A Partnership at Risk

letters@govexec.com

I

f America's voters promote George W. Bush from governor of Texas to boss of the federal workforce, he'd better be prepared for a sharp change of climate on the labor-management front. As President, of course, he won't owe many debts to organized labor. (According to a campaign spokesman, no unions have yet endorsed his candidacy.) But should he sit in the Oval Office, he will be chief executive of the enterprise that has become the nation's last stronghold of collective bargaining.

While organized labor's clout in the private sector has declined over the past 15 years, it has enjoyed steady growth in the federal workplace. According to Robert M. Tobias, retired president of the National Treasury Employees Union, 80 percent of federal employees now work in sectors represented by unions, compared with only 9.4 percent of workers in private business.

This is a far cry from Bush's experience in Texas, where state right-to-work statutes have limited unionization. "Organizing is a tough job here," observes Greg Powell, business manager of a Texas local of the American Federation of State, County and Municipal Employees, which is struggling to gain a foothold among state corrections workers. "Our governor proclaims to be inclusive, but organized labor certainly isn't part of his constituency as he sees it," Powell contends.

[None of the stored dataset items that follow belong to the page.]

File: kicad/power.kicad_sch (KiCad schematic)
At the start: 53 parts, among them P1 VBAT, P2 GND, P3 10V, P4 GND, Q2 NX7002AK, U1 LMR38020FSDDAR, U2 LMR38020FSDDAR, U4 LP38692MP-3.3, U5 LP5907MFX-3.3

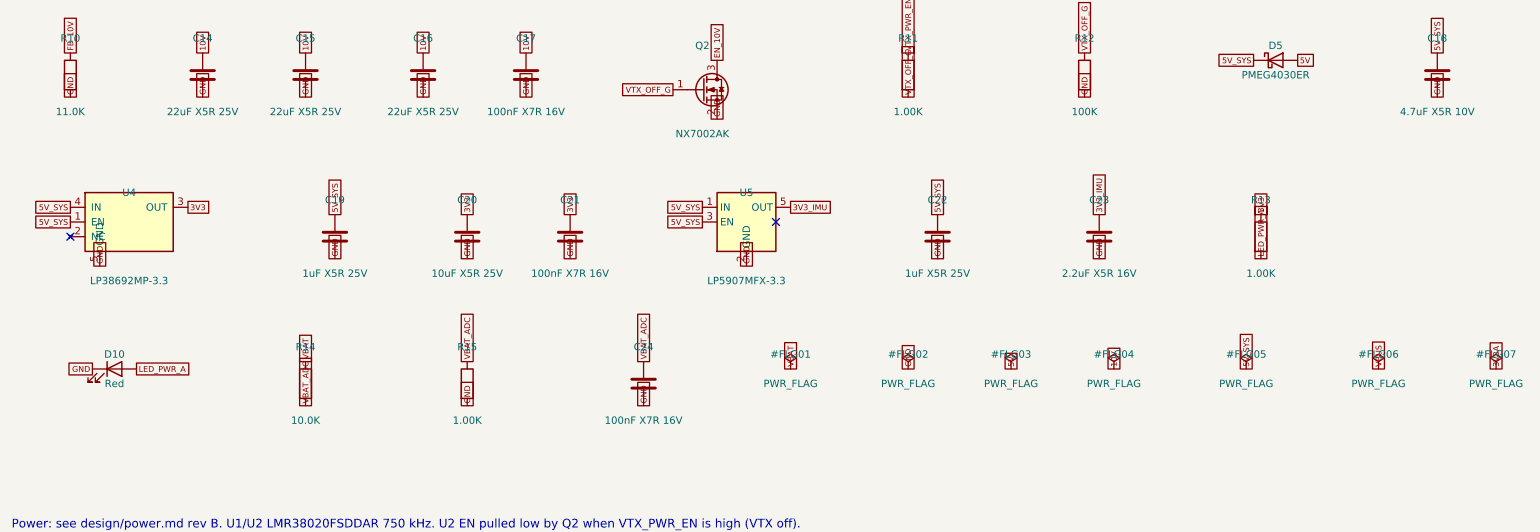
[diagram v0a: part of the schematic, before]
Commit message: Gate 1 fixes (crystal gm evidence, LDO output ESR, X7R caps, 50V HF cap, per-MPN datasheets, in_bom flags, project-file merge, parity fields), power re-audit fixes (board-level thermal envelope, USB inrush deviation, R41 VTX 0R link), PCB placement + legalizer + grommet keepouts; Gate 1 reports
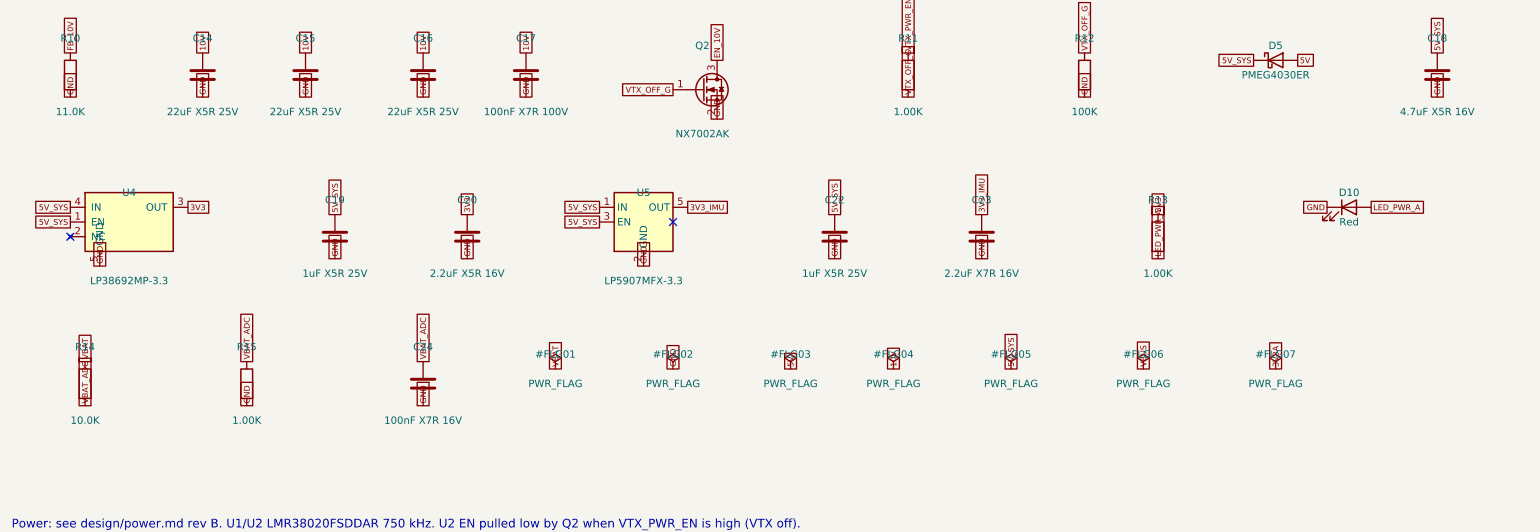
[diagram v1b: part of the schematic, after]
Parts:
- removed C21: 100nF X7R 16V, Capacitor_SMD:C_0402_1005Metric, symbol Device:C
- C17: value 100nF X7R 16V -> 100nF X7R 100V; footprint Capacitor_SMD:C_0402_1005Metric -> Capacitor_SMD:C_0603_1608Metric; DigiKey 1276-1001-1-ND -> 490-3285-1-ND (verify); MPN CL05B104KO5NNNC -> GRM188R72A104KA35D; Manufacturer Samsung Electro-Mechanics -> Murata
- C18: value 4.7uF X5R 10V -> 4.7uF X5R 16V
- C20: value 10uF X5R 25V -> 2.2uF X5R 16V; footprint Capacitor_SMD:C_0805_2012Metric -> Capacitor_SMD:C_0603_1608Metric; DigiKey 1276-2891-1-ND (verify) -> 1276-1183-1-ND (verify); MPN CL21A106KAYNNNE -> CL10A225KO8NNNC
- C23: value 2.2uF X5R 16V -> 2.2uF X7R 16V; DigiKey 1276-1183-1-ND (verify) -> 1276-1184-1-ND (verify); MPN CL10A225KO8NNNC -> CL10B225KO8NNNC
- P1, P2, P3, P4: now left out of the parts list
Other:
- moved on the sheet: C22, C23, C24, D10, R13, R14, R15, U5

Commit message: Gate 2 sourcing: apply DigiKey drop-in replacements (G2S-01/02/03/09), PN corrections, regenerate BOM; sourcing report and DigiKey BOM CSVs
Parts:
- C18: DigiKey 1276-1044-1-ND (verify) -> 1276-1784-1-ND
- C20: DigiKey 1276-1183-1-ND (verify) -> 1276-1040-1-ND
- C23: value 2.2uF X7R 16V -> 2.2uF X7R 10V; DigiKey 1276-1184-1-ND (verify) -> 1276-1134-1-ND; MPN CL10B225KO8NNNC -> CL10B225KP8NNNC
- L2: DigiKey 732-74438357082CT-ND (verify) -> 732-11205-1-ND
- Q2: MPN NX7002AKR -> NX7002AK,215
- R3, R8: DigiKey 311-34.8KLRCT-ND -> unconfirmed (BOM Manager matches by MPN); MPN RC0402FR-0734K8L -> ERJ-2RKF3482X; Manufacturer Yageo -> Panasonic
- R5: DigiKey 311-24.3KLRCT-ND -> unconfirmed (BOM Manager matches by MPN); MPN RC0402FR-0724K3L -> ERJ-2RKF2432X; Manufacturer Yageo -> Panasonic
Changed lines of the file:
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@@
 			)
 		)
-		(property "Datasheet" "https://www.yageo.com/upload/media/product/productsearch/datasheet/rchip/PYu-RC_Group_51_RoHS_L_12.pdf"
+		(property "Datasheet" "https://industrial.panasonic.com/cdbs/www-data/pdf/RDA0000/AOA0000C304.pdf"
 			(at 48.26 66.04 0)
 			(effects
@@
 			)
 		)
-		(property "MPN" "RC0402FR-0734K8L"
+		(property "MPN" "ERJ-2RKF3482X"
 			(at 48.26 66.04 0)
 			(effects
@@
 			)
 		)
-		(property "Manufacturer" "Yageo"
+		(property "Manufacturer" "Panasonic"
 			(at 48.26 66.04 0)
 			(effects
@@
 			)
 		)
-		(property "DigiKey" "311-34.8KLRCT-ND"
+		(property "DigiKey" "unconfirmed (BOM Manager matches by MPN)"
 			(at 48.26 66.04 0)
 			(effects
@@
 			)
 		)
-		(property "Datasheet" "https://www.yageo.com/upload/media/product/productsearch/datasheet/rchip/PYu-RC_Group_51_RoHS_L_12.pdf"
+		(property "Datasheet" "https://industrial.panasonic.com/cdbs/www-data/pdf/RDA0000/AOA0000C304.pdf"
 			(at 142.24 66.04 0)
 			(effects
@@
 			)
 		)
-		(property "MPN" "RC0402FR-0724K3L"
+		(property "MPN" "ERJ-2RKF2432X"
 			(at 142.24 66.04 0)
 			(effects
@@
 			)
 		)
-		(property "Manufacturer" "Yageo"
+		(property "Manufacturer" "Panasonic"
 			(at 142.24 66.04 0)
 			(effects
@@
 			)
 		)
-		(property "DigiKey" "311-24.3KLRCT-ND"
+		(property "DigiKey" "unconfirmed (BOM Manager matches by MPN)"
 			(at 142.24 66.04 0)
 			(effects
@@
 			)
 		)
-		(property "Datasheet" "https://www.yageo.com/upload/media/product/productsearch/datasheet/rchip/PYu-RC_Group_51_RoHS_L_12.pdf"
+		(property "Datasheet" "https://industrial.panasonic.com/cdbs/www-data/pdf/RDA0000/AOA0000C304.pdf"
 			(at 193.04 88.9 0)
 			(effects
@@
 			)
 		)
-		(property "MPN" "RC0402FR-0734K8L"
+		(property "MPN" "ERJ-2RKF3482X"
 			(at 193.04 88.9 0)
 			(effects
@@
 			)
 		)
-		(property "Manufacturer" "Yageo"
+		(property "Manufacturer" "Panasonic"
 			(at 193.04 88.9 0)
 			(effects
@@
 			)
 		)
-		(property "DigiKey" "311-34.8KLRCT-ND"
+		(property "DigiKey" "unconfirmed (BOM Manager matches by MPN)"
 			(at 193.04 88.9 0)
 			(effects
@@
 			)
 		)
-		(property "DigiKey" "732-74438357082CT-ND (verify)"
+		(property "DigiKey" "732-11205-1-ND"
 			(at 246.38 88.9 0)
 			(effects
@@
 			)
 		)
-		(property "MPN" "NX7002AKR"
+		(property "MPN" "NX7002AK,215"
 			(at 134.62 121.92 0)
 			(effects
@@
 			)
 		)
-		(property "DigiKey" "1276-1044-1-ND (verify)"
+		(property "DigiKey" "1276-1784-1-ND"
 			(at 261.62 119.38 0)
 			(effects
@@
 			)
 		)
-		(property "DigiKey" "1276-1183-1-ND (verify)"
+		(property "DigiKey" "1276-1040-1-ND"
 			(at 93.98 147.32 0)
 			(effects
@@
 			)
 		)
-		(property "Value" "2.2uF X7R 16V"
+		(property "Value" "2.2uF X7R 10V"
 			(at 182.88 153.67 0)
 			(effects
@@
 			)
 		)
-		(property "Datasheet" "https://product.samsungsem.com/mlcc/CL10B225KO8NNNC.do"
+		(property "Datasheet" "https://product.samsungsem.com/mlcc/CL10B225KP8NNNC.do"
 			(at 182.88 147.32 0)
 			(effects
@@
 			)
 		)
-		(property "MPN" "CL10B225KO8NNNC"
+		(property "MPN" "CL10B225KP8NNNC"
 			(at 182.88 147.32 0)
 			(effects
@@
 			)
 		)
-		(property "DigiKey" "1276-1184-1-ND (verify)"
+		(property "DigiKey" "1276-1134-1-ND"
 			(at 182.88 147.32 0)
 			(effects

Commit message: WIP Gate 3 rework: pin-anchored placement, tight legalizer, placecheck; WE-MAPI 4020 inductors, GRM32DR input caps
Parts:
- C1, C10, C11, C2, C3: value 10uF X7R 50V -> 10uF X7R 50V 2.0mm; DigiKey 1276-3387-1-ND -> 490-GRM32DR71H106KA01LCT-ND (verify); MPN CL32B106KBJNNNE -> GRM32DR71H106KA01L; Manufacturer Samsung Electro-Mechanics -> Murata
- L1: value 6.8uH -> 5.6uH; footprint Inductor_SMD:L_Wuerth_MAPI-4030 -> Inductor_SMD:L_Wuerth_MAPI-4020; DigiKey 732-11204-1-ND -> unconfirmed (BOM Manager matches by MPN); MPN 74438357068 -> 74438356056
- L2: value 8.2uH -> 5.6uH; footprint Inductor_SMD:L_Wuerth_MAPI-4030 -> Inductor_SMD:L_Wuerth_MAPI-4020; DigiKey 732-11205-1-ND -> unconfirmed (BOM Manager matches by MPN); MPN 74438357082 -> 74438356056
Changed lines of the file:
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@@
 			)
 		)
-		(property "Value" "10uF X7R 50V"
+		(property "Value" "10uF X7R 50V 2.0mm"
 			(at 129.54 41.91 0)
 			(effects
@@
 			)
 		)
-		(property "Datasheet" "https://product.samsungsem.com/mlcc/CL32B106KBJNNNE.do"
+		(property "Datasheet" "https://search.murata.co.jp/Ceramy/image/img/A01X/G101/ENG/GRM32DR71H106KA01-01.pdf"
 			(at 129.54 35.56 0)
 			(effects
@@
 			)
 		)
-		(property "MPN" "CL32B106KBJNNNE"
+		(property "MPN" "GRM32DR71H106KA01L"
 			(at 129.54 35.56 0)
 			(effects
@@
 			)
 		)
-		(property "Manufacturer" "Samsung Electro-Mechanics"
+		(property "Manufacturer" "Murata"
 			(at 129.54 35.56 0)
 			(effects
@@
 			)
 		)
-		(property "DigiKey" "1276-3387-1-ND"
+		(property "DigiKey" "490-GRM32DR71H106KA01LCT-ND (verify)"
 			(at 129.54 35.56 0)
 			(effects
@@
 			)
 		)
-		(property "Value" "10uF X7R 50V"
+		(property "Value" "10uF X7R 50V 2.0mm"
 			(at 203.2 41.91 0)
 			(effects
@@
 			)
 		)
-		(property "Datasheet" "https://product.samsungsem.com/mlcc/CL32B106KBJNNNE.do"
+		(property "Datasheet" "https://search.murata.co.jp/Ceramy/image/img/A01X/G101/ENG/GRM32DR71H106KA01-01.pdf"
 			(at 203.2 35.56 0)
 			(effects
@@
 			)
 		)
-		(property "MPN" "CL32B106KBJNNNE"
+		(property "MPN" "GRM32DR71H106KA01L"
 			(at 203.2 35.56 0)
 			(effects
@@
 			)
 		)
-		(property "Manufacturer" "Samsung Electro-Mechanics"
+		(property "Manufacturer" "Murata"
 			(at 203.2 35.56 0)
 			(effects
@@
 			)
 		)
-		(property "DigiKey" "1276-3387-1-ND"
+		(property "DigiKey" "490-GRM32DR71H106KA01LCT-ND (verify)"
 			(at 203.2 35.56 0)
 			(effects
@@
 			)
 		)
-		(property "Value" "10uF X7R 50V"
+		(property "Value" "10uF X7R 50V 2.0mm"
 			(at 226.06 41.91 0)
 			(effects
@@
 			)
 		)
-		(property "Datasheet" "https://product.samsungsem.com/mlcc/CL32B106KBJNNNE.do"
+		(property "Datasheet" "https://search.murata.co.jp/Ceramy/image/img/A01X/G101/ENG/GRM32DR71H106KA01-01.pdf"
 			(at 226.06 35.56 0)
 			(effects
@@
 			)
 		)
-		(property "MPN" "CL32B106KBJNNNE"
+		(property "MPN" "GRM32DR71H106KA01L"
 			(at 226.06 35.56 0)
 			(effects
@@
 			)
 		)
-		(property "Manufacturer" "Samsung Electro-Mechanics"
+		(property "Manufacturer" "Murata"
 			(at 226.06 35.56 0)
 			(effects
@@
 			)
 		)
-		(property "DigiKey" "1276-3387-1-ND"
+		(property "DigiKey" "490-GRM32DR71H106KA01LCT-ND (verify)"
 			(at 226.06 35.56 0)
 			(effects
@@
 			)
 		)
-		(property "Value" "6.8uH"
+		(property "Value" "5.6uH"
 			(at 96.52 72.39 0)
 			(effects
@@
 			)
 		)
-		(property "Footprint" "Inductor_SMD:L_Wuerth_MAPI-4030"
+		(property "Footprint" "Inductor_SMD:L_Wuerth_MAPI-4020"
 			(at 96.52 66.04 0)
 			(effects
@@
 			)
 		)
-		(property "Datasheet" "https://www.we-online.com/components/products/datasheet/74438357068.pdf"
+		(property "Datasheet" "https://www.we-online.com/components/products/datasheet/74438356056.pdf"
 			(at 96.52 66.04 0)
 			(effects
@@
 			)
 		)
-		(property "Description" "WE-MAPI 4030 power inductor"
+		(property "Description" "WE-MAPI 4020 power inductor"
 			(at 96.52 66.04 0)
 			(effects
@@
 			)
 		)
-		(property "MPN" "74438357068"
+		(property "MPN" "74438356056"
 			(at 96.52 66.04 0)
 			(effects
@@
 			)
 		)
-		(property "DigiKey" "732-11204-1-ND"
+		(property "DigiKey" "unconfirmed (BOM Manager matches by MPN)"
 			(at 96.52 66.04 0)
 			(effects
@@
 			)
 		)
-		(property "Value" "10uF X7R 50V"
+		(property "Value" "10uF X7R 50V 2.0mm"
 			(at 78.74 95.25 0)
 			(effects
@@
 			)
 		)
-		(property "Datasheet" "https://product.samsungsem.com/mlcc/CL32B106KBJNNNE.do"
+		(property "Datasheet" "https://search.murata.co.jp/Ceramy/image/img/A01X/G101/ENG/GRM32DR71H106KA01-01.pdf"
 			(at 78.74 88.9 0)
 			(effects
@@
 			)
 		)
-		(property "MPN" "CL32B106KBJNNNE"
+		(property "MPN" "GRM32DR71H106KA01L"
 			(at 78.74 88.9 0)
 			(effects
@@
 			)
 		)
-		(property "Manufacturer" "Samsung Electro-Mechanics"
+		(property "Manufacturer" "Murata"
 			(at 78.74 88.9 0)
 			(effects
@@
 			)
 		)
-		(property "DigiKey" "1276-3387-1-ND"
+		(property "DigiKey" "490-GRM32DR71H106KA01LCT-ND (verify)"
 			(at 78.74 88.9 0)
 			(effects
@@
 			)
 		)
-		(property "Value" "10uF X7R 50V"
+		(property "Value" "10uF X7R 50V 2.0mm"
 			(at 99.06 95.25 0)
 			(effects
@@
 			)
 		)
-		(property "Datasheet" "https://product.samsungsem.com/mlcc/CL32B106KBJNNNE.do"
+		(property "Datasheet" "https://search.murata.co.jp/Ceramy/image/img/A01X/G101/ENG/GRM32DR71H106KA01-01.pdf"
 			(at 99.06 88.9 0)
 			(effects
@@
 			)
 		)
-		(property "MPN" "CL32B106KBJNNNE"
+		(property "MPN" "GRM32DR71H106KA01L"
 			(at 99.06 88.9 0)
 			(effects
@@
 			)
 		)
-		(property "Manufacturer" "Samsung Electro-Mechanics"
+		(property "Manufacturer" "Murata"
 			(at 99.06 88.9 0)
 			(effects
@@
 			)
 		)
-		(property "DigiKey" "1276-3387-1-ND"
+		(property "DigiKey" "490-GRM32DR71H106KA01LCT-ND (verify)"
 			(at 99.06 88.9 0)
 			(effects
@@
 			)
 		)
-		(property "Value" "8.2uH"
+		(property "Value" "5.6uH"
 			(at 246.38 95.25 0)
 			(effects
@@
 			)
 		)
-		(property "Footprint" "Inductor_SMD:L_Wuerth_MAPI-4030"
+		(property "Footprint" "Inductor_SMD:L_Wuerth_MAPI-4020"
 			(at 246.38 88.9 0)
 			(effects
@@
 			)
 		)
-		(property "Datasheet" "https://www.we-online.com/components/products/datasheet/74438357082.pdf"
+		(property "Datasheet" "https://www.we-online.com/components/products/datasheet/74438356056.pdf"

Powell's national union is stridently opposing Bush, in large part because of his efforts as governor to contract out activities currently conducted by state employees. An article in a recent issue of the union's magazine, Public Employee, carried the blaring headline, "Bushwhacked in Texas: Scheme to Privatize 13,000 Public-Sector Jobs Suggests Danger of a Bush Presidency."

Such high-octane scare rhetoric, of course, should come as no surprise in a closely contested election in which organized labor is backing Bush's Democratic opponent, Vice President Al Gore. But a Bush victory could spell trouble not just for public employee unions but for the new administration's hopes of effecting reforms to make government work more efficiently. "The interests of unions and managers overlap," notes Tobias, who now directs the Institute for the Study of Policy Implementation at American University. "Both sides need collaborative problem-solving methods to achieve their goals," Tobias wrote in a column in the April Government Executive.

But Tobias's vision of a cooperative atmosphere in which public employee unions refrain from "constantly sowing seeds of distrust, publicizing 'bad' management decisions, and blocking needed change in agency operations" is not likely to be achieved unless labor is given a voice in the decision-making process.

When Democrat Bill Clinton took office in 1993, he issued an executive order mandating that agencies enter into partnerships with their employees. Bobby L. Harnage Sr., national president of the 600,000-member American Federation of Government Employees, said in an interview that the edict has produced "a few great examples of how things ought to work," but has led to "total failures" in many other cases.

The public sector unions are particularly disappointed that the downsizing of the government during the 1990s took far less of a toll among middle-management personnel, as they had expected, than among their members in lower-grade positions. Research by my fellow columnist, Brookings Institution scholar Paul C. Light, shows that employment in grades GS 11-15 fell by 7,000 from 1992-97, while employment in grades GS 1-10 plummeted by more than 170,000, and blue-collar jobs were cut by another 100,000.

Harnage said he gives Gore, the point man for the Clinton administration's reinvention of government initiatives, credit for his efforts to "work with us in a lot of areas, even if he has disappointed us in some." By contrast, he said the Bush campaign rebuffed his union's overtures to discuss federal employee issues. "Before we made an endorsement, we reached out and said we would like to talk about what we would like to see in the next President of the United States as our employer," Harnage declared.

Given that Bush has taken a number of campaign stands that are anathema to organized labor-including his opposition to the deduction of union dues from workers' paychecks and his support of the partial investment of Social Security taxes in private savings accounts-an accommodation with public employee unions was never in the cards.

But if Harnage is correct in his assessment that "all-out war has been declared," there may be negative consequences for both labor and management in a Bush administration. For the unions, as Tobias has argued, there is the danger of becoming "irrelevant" if they cannot find ways to work with management to improve the job satisfaction of skilled federal employees. And for Bush-the candidate who proclaims himself "a uniter, not a divider"-there is the risk of presiding over an increasingly contentious and disgruntled workforce that lacks the knowledge, skills and incentive to increase productivity and please the American public.